David Martin

No. 33, 9, 34, 13, 25
- Position: Cornerback

Personal information
- Born: March 15, 1959 Philadelphia, Pennsylvania, U.S.
- Listed height: 5 ft 9 in (1.75 m)
- Listed weight: 193 lb (88 kg)

Career information
- High school: John Bartram (Philadelphia)
- College: Villanova
- NFL draft: 1981: 9th round, 240th overall pick

Career history
- Detroit Lions (1981)*; Kansas City Chiefs (1982)*; Denver Gold (1983–1985); Arizona Wranglers (1985); San Diego Chargers (1986); Montreal Alouettes (1986); Buffalo Bills (1987);
- * Offseason or practice squad member only

Awards and highlights
- 3× All-USFL (1983–1985); Second-team All-East (1980);

Career NFL statistics
- Sacks: 1
- Stats at Pro Football Reference

= David Martin (cornerback) =

American football player (born 1959)

David Martin (born March 15, 1959) is an American former professional football player who was a cornerback in the National Football League (NFL), Canadian Football League (CFL) and United States Football League (USFL). He played college football for the Villanova Wildcats.

==Early life==
Martin was born and grew up in Philadelphia, Pennsylvania, and attended John Bartram High School. He was named to the Philadelphia Public League's All-Decade football team for the 1970s by the Philadelphia Daily News.

==College career==
Martin was a member of the Villanova Wildcats for four seasons. He tied for the team lead with four interceptions as a sophomore. He finished his collegiate career with ten interceptions and returned 31 punts for 387 yards and two touchdowns and 16 kickoffs for 302 yards.

==Professional career==
Martin was selected in the ninth round of the 1981 NFL draft by the Detroit Lions, but was cut during training camp. He was signed in by the Denver Gold of the newly formed United States Football League (USFL) in 1983 and was named All-USFL in his first season after intercepting six passes. Martin was named All-USFL as both a defensive back and as a punt returner 1984. Martin was traded to the Arizona Outlaws during the 1985 season and was again named All-USFL.

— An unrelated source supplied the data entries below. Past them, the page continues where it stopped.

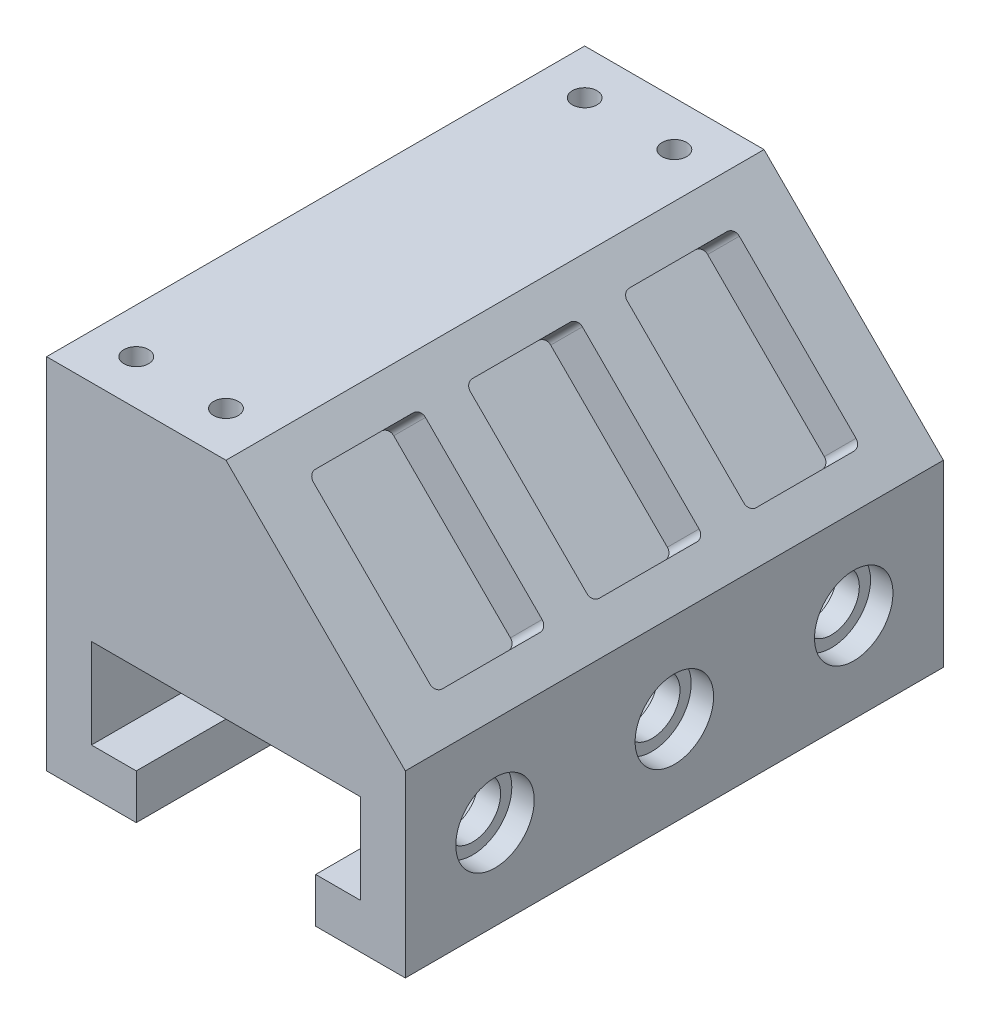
ISO-10303-21;
HEADER;
FILE_DESCRIPTION(('STEP AP214'),'2;1');
FILE_NAME('part.step','',(''),(''),'','','');
FILE_SCHEMA(('AUTOMOTIVE_DESIGN { 1 0 10303 214 1 1 1 1 }'));
ENDSEC;
DATA;
#1=APPLICATION_CONTEXT('core data for automotive mechanical design processes');
#2=APPLICATION_PROTOCOL_DEFINITION('international standard','automotive_design',2000,#1);
#3=PRODUCT_CONTEXT('',#1,'mechanical');
#4=PRODUCT('Part','Part','',(#3));
#5=PRODUCT_RELATED_PRODUCT_CATEGORY('part','',(#4));
#6=PRODUCT_DEFINITION_FORMATION('','',#4);
#7=PRODUCT_DEFINITION_CONTEXT('part definition',#1,'design');
#8=PRODUCT_DEFINITION('design','',#6,#7);
#9=PRODUCT_DEFINITION_SHAPE('','',#8);
#10=(LENGTH_UNIT() NAMED_UNIT(*) SI_UNIT(.MILLI.,.METRE.));
#11=(NAMED_UNIT(*) PLANE_ANGLE_UNIT() SI_UNIT($,.RADIAN.));
#12=(NAMED_UNIT(*) SI_UNIT($,.STERADIAN.) SOLID_ANGLE_UNIT());
#13=UNCERTAINTY_MEASURE_WITH_UNIT(LENGTH_MEASURE(1.E-05),#10,'distance_accuracy_value','');
#14=(GEOMETRIC_REPRESENTATION_CONTEXT(3) GLOBAL_UNCERTAINTY_ASSIGNED_CONTEXT((#13)) GLOBAL_UNIT_ASSIGNED_CONTEXT((#10,
#11,#12)) REPRESENTATION_CONTEXT('',''));
#15=CARTESIAN_POINT('',(0.,0.,0.));
#16=DIRECTION('',(0.,0.,1.));
#17=DIRECTION('',(1.,0.,0.));
#18=AXIS2_PLACEMENT_3D('',#15,#16,#17);
#19=CARTESIAN_POINT('',(25.4,0.,-152.4));
#20=DIRECTION('',(0.,-1.,0.));
#21=DIRECTION('',(1.,0.,0.));
#22=AXIS2_PLACEMENT_3D('',#19,#20,#21);
#23=PLANE('',#22);
#24=DIRECTION('',(1.,0.,0.));
#25=VECTOR('',#24,1.);
#26=CARTESIAN_POINT('',(25.4,0.,0.));
#27=LINE('',#26,#25);
#28=CARTESIAN_POINT('',(0.,0.,0.));
#29=VERTEX_POINT('',#28);
#30=CARTESIAN_POINT('',(25.4,0.,0.));
#31=VERTEX_POINT('',#30);
#32=EDGE_CURVE('E461',#29,#31,#27,.T.);
#33=ORIENTED_EDGE('',*,*,#32,.F.);
#34=DIRECTION('',(0.,0.,1.));
#35=VECTOR('',#34,1.);
#36=CARTESIAN_POINT('',(0.,0.,-152.4));
#37=LINE('',#36,#35);
#38=CARTESIAN_POINT('',(0.,0.,-152.4));
#39=VERTEX_POINT('',#38);
#40=EDGE_CURVE('E554',#39,#29,#37,.T.);
#41=ORIENTED_EDGE('',*,*,#40,.F.);
#42=DIRECTION('',(1.,0.,0.));
#43=VECTOR('',#42,1.);
#44=CARTESIAN_POINT('',(25.4,0.,-152.4));
#45=LINE('',#44,#43);
#46=CARTESIAN_POINT('',(25.4,0.,-152.4));
#47=VERTEX_POINT('',#46);
#48=EDGE_CURVE('E476',#39,#47,#45,.T.);
#49=ORIENTED_EDGE('',*,*,#48,.T.);
#50=DIRECTION('',(0.,0.,1.));
#51=VECTOR('',#50,1.);
#52=CARTESIAN_POINT('',(25.4,0.,-152.4));
#53=LINE('',#52,#51);
#54=EDGE_CURVE('E516',#47,#31,#53,.T.);
#55=ORIENTED_EDGE('',*,*,#54,.T.);
#56=EDGE_LOOP('',(#33,#41,#49,#55));
#57=FACE_BOUND('',#56,.T.);
#58=ADVANCED_FACE('F37',(#57),#23,.T.);
#59=CARTESIAN_POINT('',(0.,0.,-152.4));
#60=DIRECTION('',(-1.,0.,0.));
#61=DIRECTION('',(0.,-1.,0.));
#62=AXIS2_PLACEMENT_3D('',#59,#60,#61);
#63=PLANE('',#62);
#64=CARTESIAN_POINT('',(0.,25.4,-127.));
#65=DIRECTION('',(-1.,0.,0.));
#66=DIRECTION('',(0.,0.,1.));
#67=AXIS2_PLACEMENT_3D('',#64,#65,#66);
#68=CIRCLE('',#67,11.1125);
#69=CARTESIAN_POINT('',(0.,25.4,-115.8875));
#70=VERTEX_POINT('',#69);
#71=EDGE_CURVE('E1282',#70,#70,#68,.T.);
#72=ORIENTED_EDGE('',*,*,#71,.F.);
#73=EDGE_LOOP('',(#72));
#74=FACE_BOUND('',#73,.T.);
#75=CARTESIAN_POINT('',(0.,25.4,-76.2));
#76=DIRECTION('',(-1.,0.,0.));
#77=DIRECTION('',(0.,0.,1.));
#78=AXIS2_PLACEMENT_3D('',#75,#76,#77);
#79=CIRCLE('',#78,11.1125);
#80=CARTESIAN_POINT('',(0.,25.4,-65.0875));
#81=VERTEX_POINT('',#80);
#82=EDGE_CURVE('E1296',#81,#81,#79,.T.);
#83=ORIENTED_EDGE('',*,*,#82,.F.);
#84=EDGE_LOOP('',(#83));
#85=FACE_BOUND('',#84,.T.);
#86=CARTESIAN_POINT('',(0.,25.4,-25.4));
#87=DIRECTION('',(-1.,0.,0.));
#88=DIRECTION('',(0.,0.,1.));
#89=AXIS2_PLACEMENT_3D('',#86,#87,#88);
#90=CIRCLE('',#89,11.1125);
#91=CARTESIAN_POINT('',(0.,25.4,-14.2875));
#92=VERTEX_POINT('',#91);
#93=EDGE_CURVE('E1305',#92,#92,#90,.T.);
#94=ORIENTED_EDGE('',*,*,#93,.F.);
#95=EDGE_LOOP('',(#94));
#96=FACE_BOUND('',#95,.T.);
#97=DIRECTION('',(0.,-1.,0.));
#98=VECTOR('',#97,1.);
#99=CARTESIAN_POINT('',(0.,0.,0.));
#100=LINE('',#99,#98);
#101=CARTESIAN_POINT('',(0.,101.6,0.));
#102=VERTEX_POINT('',#101);
#103=EDGE_CURVE('E480',#102,#29,#100,.T.);
#104=ORIENTED_EDGE('',*,*,#103,.F.);
#105=DIRECTION('',(0.,0.,1.));
#106=VECTOR('',#105,1.);
#107=CARTESIAN_POINT('',(0.,101.6,-152.4));
#108=LINE('',#107,#106);
#109=CARTESIAN_POINT('',(0.,101.6,-152.4));
#110=VERTEX_POINT('',#109);
#111=EDGE_CURVE('E557',#110,#102,#108,.T.);
#112=ORIENTED_EDGE('',*,*,#111,.F.);
#113=DIRECTION('',(0.,-1.,0.));
#114=VECTOR('',#113,1.);
#115=CARTESIAN_POINT('',(0.,0.,-152.4));
#116=LINE('',#115,#114);
#117=EDGE_CURVE('E513',#110,#39,#116,.T.);
#118=ORIENTED_EDGE('',*,*,#117,.T.);
#119=ORIENTED_EDGE('',*,*,#40,.T.);
#120=EDGE_LOOP('',(#104,#112,#118,#119));
#121=FACE_BOUND('',#120,.T.);
#122=ADVANCED_FACE('F621',(#74,#85,#96,#121),#63,.T.);
#123=CARTESIAN_POINT('',(0.,101.6,-152.4));
#124=DIRECTION('',(0.,1.,0.));
#125=DIRECTION('',(0.,0.,1.));
#126=AXIS2_PLACEMENT_3D('',#123,#124,#125);
#127=PLANE('',#126);
#128=CARTESIAN_POINT('',(12.7,101.6,-139.7));
#129=DIRECTION('',(0.,1.,0.));
#130=DIRECTION('',(0.,0.,1.));
#131=AXIS2_PLACEMENT_3D('',#128,#129,#130);
#132=CIRCLE('',#131,3.4925);
#133=CARTESIAN_POINT('',(12.7,101.6,-136.2075));
#134=VERTEX_POINT('',#133);
#135=EDGE_CURVE('E1229',#134,#134,#132,.T.);
#136=ORIENTED_EDGE('',*,*,#135,.F.);
#137=EDGE_LOOP('',(#136));
#138=FACE_BOUND('',#137,.T.);
#139=CARTESIAN_POINT('',(38.1,101.6,-139.7));
#140=DIRECTION('',(0.,1.,0.));
#141=DIRECTION('',(0.,0.,1.));
#142=AXIS2_PLACEMENT_3D('',#139,#140,#141);
#143=CIRCLE('',#142,3.4925);
#144=CARTESIAN_POINT('',(38.1,101.6,-136.2075));
#145=VERTEX_POINT('',#144);
#146=EDGE_CURVE('E1233',#145,#145,#143,.T.);
#147=ORIENTED_EDGE('',*,*,#146,.F.);
#148=EDGE_LOOP('',(#147));
#149=FACE_BOUND('',#148,.T.);
#150=CARTESIAN_POINT('',(38.1,101.6,-12.7));
#151=DIRECTION('',(0.,1.,0.));
#152=DIRECTION('',(0.,0.,1.));
#153=AXIS2_PLACEMENT_3D('',#150,#151,#152);
#154=CIRCLE('',#153,3.4925);
#155=CARTESIAN_POINT('',(38.1,101.6,-9.2075));
#156=VERTEX_POINT('',#155);
#157=EDGE_CURVE('E1237',#156,#156,#154,.T.);
#158=ORIENTED_EDGE('',*,*,#157,.F.);
#159=EDGE_LOOP('',(#158));
#160=FACE_BOUND('',#159,.T.);
#161=CARTESIAN_POINT('',(12.7,101.6,-12.7));
#162=DIRECTION('',(0.,1.,0.));
#163=DIRECTION('',(0.,0.,1.));
#164=AXIS2_PLACEMENT_3D('',#161,#162,#163);
#165=CIRCLE('',#164,3.4925);
#166=CARTESIAN_POINT('',(12.7,101.6,-9.20749999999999));
#167=VERTEX_POINT('',#166);
#168=EDGE_CURVE('E1241',#167,#167,#165,.T.);
#169=ORIENTED_EDGE('',*,*,#168,.F.);
#170=EDGE_LOOP('',(#169));
#171=FACE_BOUND('',#170,.T.);
#172=DIRECTION('',(-1.,0.,0.));
#173=VECTOR('',#172,1.);
#174=CARTESIAN_POINT('',(0.,101.6,0.));
#175=LINE('',#174,#173);
#176=CARTESIAN_POINT('',(50.8,101.6,0.));
#177=VERTEX_POINT('',#176);
#178=EDGE_CURVE('E549',#177,#102,#175,.T.);
#179=ORIENTED_EDGE('',*,*,#178,.F.);
#180=DIRECTION('',(0.,0.,1.));
#181=VECTOR('',#180,1.);
#182=CARTESIAN_POINT('',(50.8,101.6,-152.4));
#183=LINE('',#182,#181);
#184=CARTESIAN_POINT('',(50.8,101.6,-152.4));
#185=VERTEX_POINT('',#184);
#186=EDGE_CURVE('E559',#185,#177,#183,.T.);
#187=ORIENTED_EDGE('',*,*,#186,.F.);
#188=DIRECTION('',(-1.,0.,0.));
#189=VECTOR('',#188,1.);
#190=CARTESIAN_POINT('',(0.,101.6,-152.4));
#191=LINE('',#190,#189);
#192=EDGE_CURVE('E510',#185,#110,#191,.T.);
#193=ORIENTED_EDGE('',*,*,#192,.T.);
#194=ORIENTED_EDGE('',*,*,#111,.T.);
#195=EDGE_LOOP('',(#179,#187,#193,#194));
#196=FACE_BOUND('',#195,.T.);
#197=ADVANCED_FACE('F615',(#138,#149,#160,#171,#196),#127,.T.);
#198=CARTESIAN_POINT('',(50.8,101.6,-152.4));
#199=DIRECTION('',(0.707106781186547,0.707106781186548,0.));
#200=DIRECTION('',(-0.707106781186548,0.707106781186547,0.));
#201=AXIS2_PLACEMENT_3D('',#198,#199,#200);
#202=PLANE('',#201);
#203=CARTESIAN_POINT('',(92.7236712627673,59.6763287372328,-17.907));
#204=DIRECTION('',(0.707106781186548,0.707106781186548,0.));
#205=DIRECTION('',(0.707106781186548,-0.707106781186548,0.));
#206=AXIS2_PLACEMENT_3D('',#203,#204,#205);
#207=CIRCLE('',#206,2.032);
#208=CARTESIAN_POINT('',(92.7236712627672,59.6763287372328,-15.875));
#209=VERTEX_POINT('',#208);
#210=CARTESIAN_POINT('',(94.1605122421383,58.2394877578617,-17.907));
#211=VERTEX_POINT('',#210);
#212=EDGE_CURVE('E52',#209,#211,#207,.T.);
#213=ORIENTED_EDGE('',*,*,#212,.F.);
#214=DIRECTION('',(0.707106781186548,-0.707106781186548,0.));
#215=VECTOR('',#214,1.);
#216=CARTESIAN_POINT('',(92.7236712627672,59.6763287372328,-15.875));
#217=LINE('',#216,#215);
#218=CARTESIAN_POINT('',(59.6763287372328,92.7236712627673,-15.875));
#219=VERTEX_POINT('',#218);
#220=EDGE_CURVE('E297',#219,#209,#217,.T.);
#221=ORIENTED_EDGE('',*,*,#220,.F.);
#222=CARTESIAN_POINT('',(59.6763287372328,92.7236712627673,-17.907));
#223=DIRECTION('',(0.707106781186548,0.707106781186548,0.));
#224=DIRECTION('',(0.707106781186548,-0.707106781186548,0.));
#225=AXIS2_PLACEMENT_3D('',#222,#223,#224);
#226=CIRCLE('',#225,2.032);
#227=CARTESIAN_POINT('',(58.2394877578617,94.1605122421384,-17.907));
#228=VERTEX_POINT('',#227);
#229=EDGE_CURVE('E300',#228,#219,#226,.T.);
#230=ORIENTED_EDGE('',*,*,#229,.F.);
#231=DIRECTION('',(0.,0.,1.));
#232=VECTOR('',#231,1.);
#233=CARTESIAN_POINT('',(58.2394877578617,94.1605122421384,-17.907));
#234=LINE('',#233,#232);
#235=CARTESIAN_POINT('',(58.2394877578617,94.1605122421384,-45.593));
#236=VERTEX_POINT('',#235);
#237=EDGE_CURVE('E331',#236,#228,#234,.T.);
#238=ORIENTED_EDGE('',*,*,#237,.F.);
#239=CARTESIAN_POINT('',(59.6763287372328,92.7236712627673,-45.593));
#240=DIRECTION('',(0.707106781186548,0.707106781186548,0.));
#241=DIRECTION('',(0.707106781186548,-0.707106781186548,0.));
#242=AXIS2_PLACEMENT_3D('',#239,#240,#241);
#243=CIRCLE('',#242,2.032);
#244=CARTESIAN_POINT('',(59.6763287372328,92.7236712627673,-47.625));
#245=VERTEX_POINT('',#244);
#246=EDGE_CURVE('E328',#245,#236,#243,.T.);
#247=ORIENTED_EDGE('',*,*,#246,.F.);
#248=DIRECTION('',(-0.707106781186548,0.707106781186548,0.));
#249=VECTOR('',#248,1.);
#250=CARTESIAN_POINT('',(92.7236712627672,59.6763287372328,-47.625));
#251=LINE('',#250,#249);
#252=CARTESIAN_POINT('',(92.7236712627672,59.6763287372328,-47.625));
#253=VERTEX_POINT('',#252);
#254=EDGE_CURVE('E325',#253,#245,#251,.T.);
#255=ORIENTED_EDGE('',*,*,#254,.F.);
#256=CARTESIAN_POINT('',(92.7236712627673,59.6763287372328,-45.593));
#257=DIRECTION('',(0.707106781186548,0.707106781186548,0.));
#258=DIRECTION('',(-0.707106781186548,0.707106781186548,0.));
#259=AXIS2_PLACEMENT_3D('',#256,#257,#258);
#260=CIRCLE('',#259,2.032);
#261=CARTESIAN_POINT('',(94.1605122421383,58.2394877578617,-45.593));
#262=VERTEX_POINT('',#261);
#263=EDGE_CURVE('E322',#262,#253,#260,.T.);
#264=ORIENTED_EDGE('',*,*,#263,.F.);
#265=DIRECTION('',(0.,0.,-1.));
#266=VECTOR('',#265,1.);
#267=CARTESIAN_POINT('',(94.1605122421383,58.2394877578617,-17.907));
#268=LINE('',#267,#266);
#269=EDGE_CURVE('E320',#211,#262,#268,.T.);
#270=ORIENTED_EDGE('',*,*,#269,.F.);
#271=EDGE_LOOP('',(#213,#221,#230,#238,#247,#255,#264,#270));
#272=FACE_BOUND('',#271,.T.);
#273=CARTESIAN_POINT('',(59.6763287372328,92.7236712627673,-62.357));
#274=DIRECTION('',(0.707106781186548,0.707106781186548,0.));
#275=DIRECTION('',(0.707106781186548,-0.707106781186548,0.));
#276=AXIS2_PLACEMENT_3D('',#273,#274,#275);
#277=CIRCLE('',#276,2.032);
#278=CARTESIAN_POINT('',(58.2394877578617,94.1605122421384,-62.357));
#279=VERTEX_POINT('',#278);
#280=CARTESIAN_POINT('',(59.6763287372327,92.7236712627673,-60.325));
#281=VERTEX_POINT('',#280);
#282=EDGE_CURVE('E60',#279,#281,#277,.T.);
#283=ORIENTED_EDGE('',*,*,#282,.F.);
#284=DIRECTION('',(0.,0.,1.));
#285=VECTOR('',#284,1.);
#286=CARTESIAN_POINT('',(58.2394877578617,94.1605122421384,-62.357));
#287=LINE('',#286,#285);
#288=CARTESIAN_POINT('',(58.2394877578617,94.1605122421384,-90.043));
#289=VERTEX_POINT('',#288);
#290=EDGE_CURVE('E353',#289,#279,#287,.T.);
#291=ORIENTED_EDGE('',*,*,#290,.F.);
#292=CARTESIAN_POINT('',(59.6763287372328,92.7236712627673,-90.043));
#293=DIRECTION('',(0.707106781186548,0.707106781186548,0.));
#294=DIRECTION('',(-0.707106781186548,0.707106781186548,0.));
#295=AXIS2_PLACEMENT_3D('',#292,#293,#294);
#296=CIRCLE('',#295,2.032);
#297=CARTESIAN_POINT('',(59.6763287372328,92.7236712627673,-92.075));
#298=VERTEX_POINT('',#297);
#299=EDGE_CURVE('E391',#298,#289,#296,.T.);
#300=ORIENTED_EDGE('',*,*,#299,.F.);
#301=DIRECTION('',(-0.707106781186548,0.707106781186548,0.));
#302=VECTOR('',#301,1.);
#303=CARTESIAN_POINT('',(92.7236712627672,59.6763287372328,-92.075));
#304=LINE('',#303,#302);
#305=CARTESIAN_POINT('',(92.7236712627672,59.6763287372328,-92.075));
#306=VERTEX_POINT('',#305);
#307=EDGE_CURVE('E388',#306,#298,#304,.T.);
#308=ORIENTED_EDGE('',*,*,#307,.F.);
#309=CARTESIAN_POINT('',(92.7236712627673,59.6763287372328,-90.043));
#310=DIRECTION('',(0.707106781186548,0.707106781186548,0.));
#311=DIRECTION('',(-0.707106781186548,0.707106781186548,0.));
#312=AXIS2_PLACEMENT_3D('',#309,#310,#311);
#313=CIRCLE('',#312,2.032);
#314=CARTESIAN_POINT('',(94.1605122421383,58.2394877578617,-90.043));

Martin began the 1986 season with the San Diego Chargers and played in four games with the team before being released. He was signed by the Montreal Alouettes of the Canadian Football League (CFL) and spent the rest of 1986 with the team. Martin became a free agent when Montreal suspended team operations and was signed by the Buffalo Bills on July 27, 1987. Martin was cut at the end of training camp, but was re-signed by the Bills in October 1987 as a replacement player during the 1987 NFL players strike, recording a sack in three games played before being released after the strike ended.